Please let us know the end result. I was so excited to see this and then I realized that their endlinks are protruded like all their other bracelets. It effectively lengthens the lug to lug distance. I have one for my SKX and it changes how it wears on my smaller (6 3/4") wrist.

Please let us know the lug to lug taking into account the end links.

Thank you in advance.

Sent from my SM-G950U using Tapatalk


----------



## derekdeadend

I’ll post up with an update!


Sent from my iPhone using Tapatalk


----------



## mi6_

EPK said:


> Please let us know the end result. I was so excited to see this and then I realized that their endlinks are protruded like all their other bracelets. It effectively lengthens the lug to lug distance. I have one for my SKX and it changes how it wears on my smaller (6 3/4") wrist.


I see what you mean but the protrusion extending the lug to lug length, however, the protrusions do curve down which should help it wrap around the writ's. In reality I don't think it makes that much of a difference. I wear a Strapcode jubilee on my SKX013 but it's a slightly smaller 45mm lug to lug vs the Kamasu which is about 47mm.

I wouldn't let it stop you from getting a Kamasu. People get way too hung up on watch size on this forum. Unless it's ridiculously too large for your wrist I'm sure it will be fine. Lots of people (myself included) with wrists smaller than 6-3/4.


----------



## EPK

mi6_ said:


> I wouldn't let it stop you from getting a Kamasu. People get way too hung up on watch size on this forum. Unless it's ridiculously too large for your wrist I'm sure it will be fine. Lots of people (myself included) with wrists smaller than 6-3/4.
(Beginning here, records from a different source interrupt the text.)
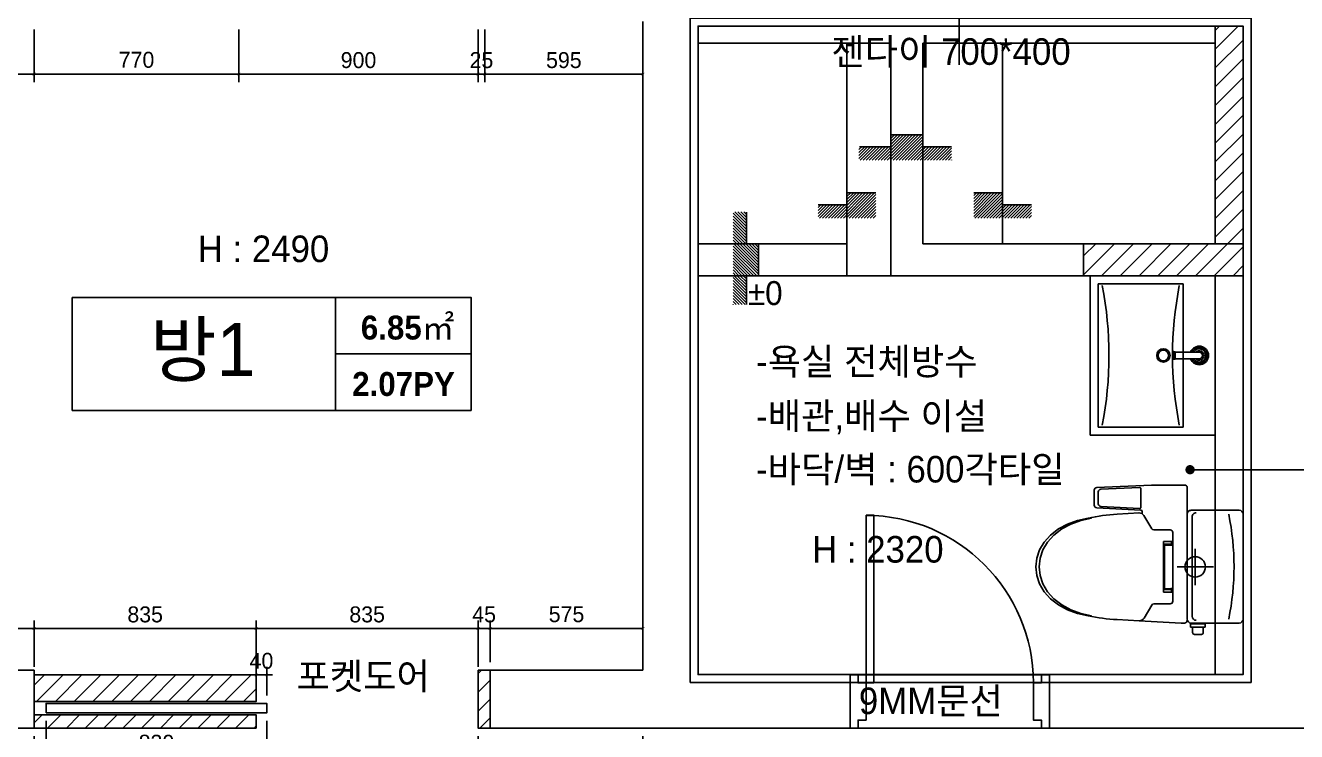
# Model space of a CAD drawing. Header units: inches. Extents: x 7740 to 83056, y -9304 to 75068.
# Drawn here: x 37582 to 42364, y 60634 to 63289 of the extents above; entities that cross this region are included whole.
import ezdxf
from ezdxf.enums import TextEntityAlignment as Align

# ---------------------------------------------------------------- set-up
doc = ezdxf.new("R2010")
doc.units = ezdxf.units.IN
doc.header["$LTSCALE"] = 50
doc.header["$MEASUREMENT"] = 0
for name, color, linetype in [('0-ELC TEXT', 7, 'Continuous'), ('02-WAL', 2, 'Continuous'), ('03-TEXT', 3, 'Continuous'), ('03-WAL NEW', 3, 'Continuous'), ('04-WIN', 4, 'Continuous'), ('06-FUR', 6, 'Continuous'), ('06-LIGHT', 4, 'Continuous'), ('07-DIM', 5, 'Continuous'), ('07-DIM WAL', 5, 'Continuous'), ('253', 253, 'Continuous'), ('9.보조선', 5, 'Continuous'), ('CO-BATH', 6, 'Continuous'), ('도면층2', 2, 'Continuous'), ('도면층4', 4, 'Continuous'), ('도면층5', 5, 'Continuous'), ('설비', 7, 'Continuous')]:
    doc.layers.add(name, color=color, linetype=linetype)
doc.styles.add('넥슨고딕', font='NEXONLv1GothicBold.ttf')
doc.styles.add('마감재', font='stylu.ttf')
doc.styles.add('코레일둥고', font='Korail_Round_Gothic_Medium.ttf')
doc.dimstyles.new('벽치수 Copy of DIM-50', dxfattribs={"dimscale": 50, "dimtxt": 2, "dimasz": 0.7, "dimexe": 1, "dimexo": 1, "dimgap": 0.7, "dimtad": 1, "dimdec": 0, "dimzin": 1, "dimdsep": 46, "dimlunit": 6, "dimtxsty": '마감재', "dimblk": 'ARCHTICK', "dimcen": -0.09, "dimclrd": 256, "dimclre": 256, "dimclrt": 3, "dimadec": 0, "dimazin": 0, "dimtfac": 1, "dimtdec": 0, "dimtix": 1, "dimtmove": 2, "dimatfit": 0, "dimldrblk": 'ARCHTICK', "dimfxl": 0, "dimtolj": 1, "dimtzin": 0, "dimarcsym": 0})
doc.dimstyles.new('사본 벽치수 Copy of DIM-30', dxfattribs={"dimscale": 30, "dimtxt": 2, "dimasz": 0.7, "dimexe": 1, "dimexo": 1, "dimgap": 0.7, "dimtad": 1, "dimdec": 0, "dimzin": 1, "dimdsep": 46, "dimlunit": 6, "dimtxsty": '마감재', "dimblk": 'ARCHTICK', "dimcen": -0.09, "dimclrd": 256, "dimclre": 256, "dimclrt": 3, "dimadec": 0, "dimazin": 0, "dimtfac": 1, "dimtdec": 0, "dimtix": 1, "dimtmove": 2, "dimatfit": 0, "dimldrblk": 'ARCHTICK', "dimfxl": 0, "dimtolj": 1, "dimtzin": 0, "dimarcsym": 0})
pattern_1 = [(45, (0, 7e-12), (-35.35534, 35.35534), [])]
pattern_2 = [(45, (0, 0), (-35.35534, 35.35534), [])]

# ---------------------------------------------------------------- blocks, each defined once
blk = doc.blocks.new('_ARCHTICK')
at = {"color": 0, "linetype": 'ByBlock', "const_width": 0.075}
blk.add_lwpolyline([(-0.25, -0.25), (0.25, 0.25)], dxfattribs=at)
blk = doc.blocks.new('*D170')
at = {"layer": '07-DIM WAL', "lineweight": -2}
for p, q in [((38385.3, 63274.7), (38385.3, 63076.4)), ((39285.3, 63274.7), (39285.3, 63076.4)), ((38385.3, 63106.4), (39285.3, 63106.4))]:
    blk.add_line(p, q, dxfattribs=at)
at = {"layer": 'Defpoints', "color": 0}
for p in [(38385.3, 63304.7), (39285.3, 63304.7), (39285.3, 63106.4)]:
    blk.add_point(p, dxfattribs=at)
at = {"layer": '07-DIM WAL', "lineweight": -2, "xscale": 21, "yscale": 21, "zscale": 21, "rotation": 180}
blk.add_blockref('_ARCHTICK', (38385.3, 63106.4), dxfattribs=at)
at = {"layer": '07-DIM WAL', "lineweight": -2, "xscale": 21, "yscale": 21, "zscale": 21}
blk.add_blockref('_ARCHTICK', (39285.3, 63106.4), dxfattribs=at)
at = {"layer": '07-DIM WAL', "color": 3, "insert": (38835.3, 63158.7), "char_height": 60, "attachment_point": 5, "style": '마감재'}
blk.add_mtext('\\A1;900', dxfattribs=at)
blk = doc.blocks.new('B-306')
at = {"layer": 'CO-BATH'}
for p, q in [((150, 227.2), (150, 247.9)), ((157, 254.9), (183, 254.9)), ((190, 227.2), (190, 247.9)), ((0, 197), (0, -197)), ((15, 212), (195.3, 212)), ((142.3, 227.2), (197.7, 227.2)), ((142.3, 227.2), (142.3, 214.8)), ((142.3, 214.8), (197.7, 214.8)), ((197.7, 227.2), (197.7, 214.8)), ((210.3, -197), (210.3, 197)), ((220.3, 212), (233, 212)), ((391.1, 203.4), (233, 212)), ((372.8, 193.7), (343.9, 144.8)), ((391.1, 203.4), (473.3, 199)), ((191.6, -187.5), (191.6, 186.9)), ((210.3, 182.5), (210.3, -187.1)), ((570.3, 184.5), (610.5, 176.1)), ((582.7, 184.5), (622.9, 176.1)), ((610.5, 176.1), (648.2, 162.4)), ((622.9, 176.1), (660.6, 162.4)), ((648.2, 162.4), (682.3, 143.8)), ((660.6, 162.4), (694.7, 143.8)), ((682.3, 143.8), (711.7, 120.8)), ((694.7, 143.8), (724.1, 120.8)), ((264.4, 83), (264.4, 129.9)), ((264.4, 96), (299.2, 96)), ((264.4, 96), (264.4, 86)), ((269.4, 98.7), (269.4, 80.1)), ((274.4, 139.9), (335.3, 139.9)), ((299.2, 96), (299.2, -78.7)), ((711.7, 120.8), (735.6, 94.2)), ((724.1, 120.8), (748, 94.2)), ((180.3, -67.4), (180.3, 69.4)), ((210.2, -87.7), (210.2, 85.6)), ((264.4, 86), (299.2, 86)), ((264.4, 83), (264.4, -89)), ((264.4, 83), (295.2, 83)), ((295.2, 83), (295.2, -81)), ((735.6, 94.2), (753.2, 64.7)), ((748, 94.2), (765.6, 64.7)), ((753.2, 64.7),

Well, after having owned a lot of watches, I know that lug to lug is even more important than case size for my particular wrist. I agree that having them angled should help but I can tell you from experience that lug to lug is a make or break for me based on my wrist size and shape. In general, 49mm is too much for mine and this will likely be close. My SKX does not wear as well with the Strapcode which is why the bracelet sits in the box and that lug to lug is much shorter than the Kamasu that I own.

Basically, I don't want to spend the money for a new Strapcode only to learn that it doesn't fit my wrist.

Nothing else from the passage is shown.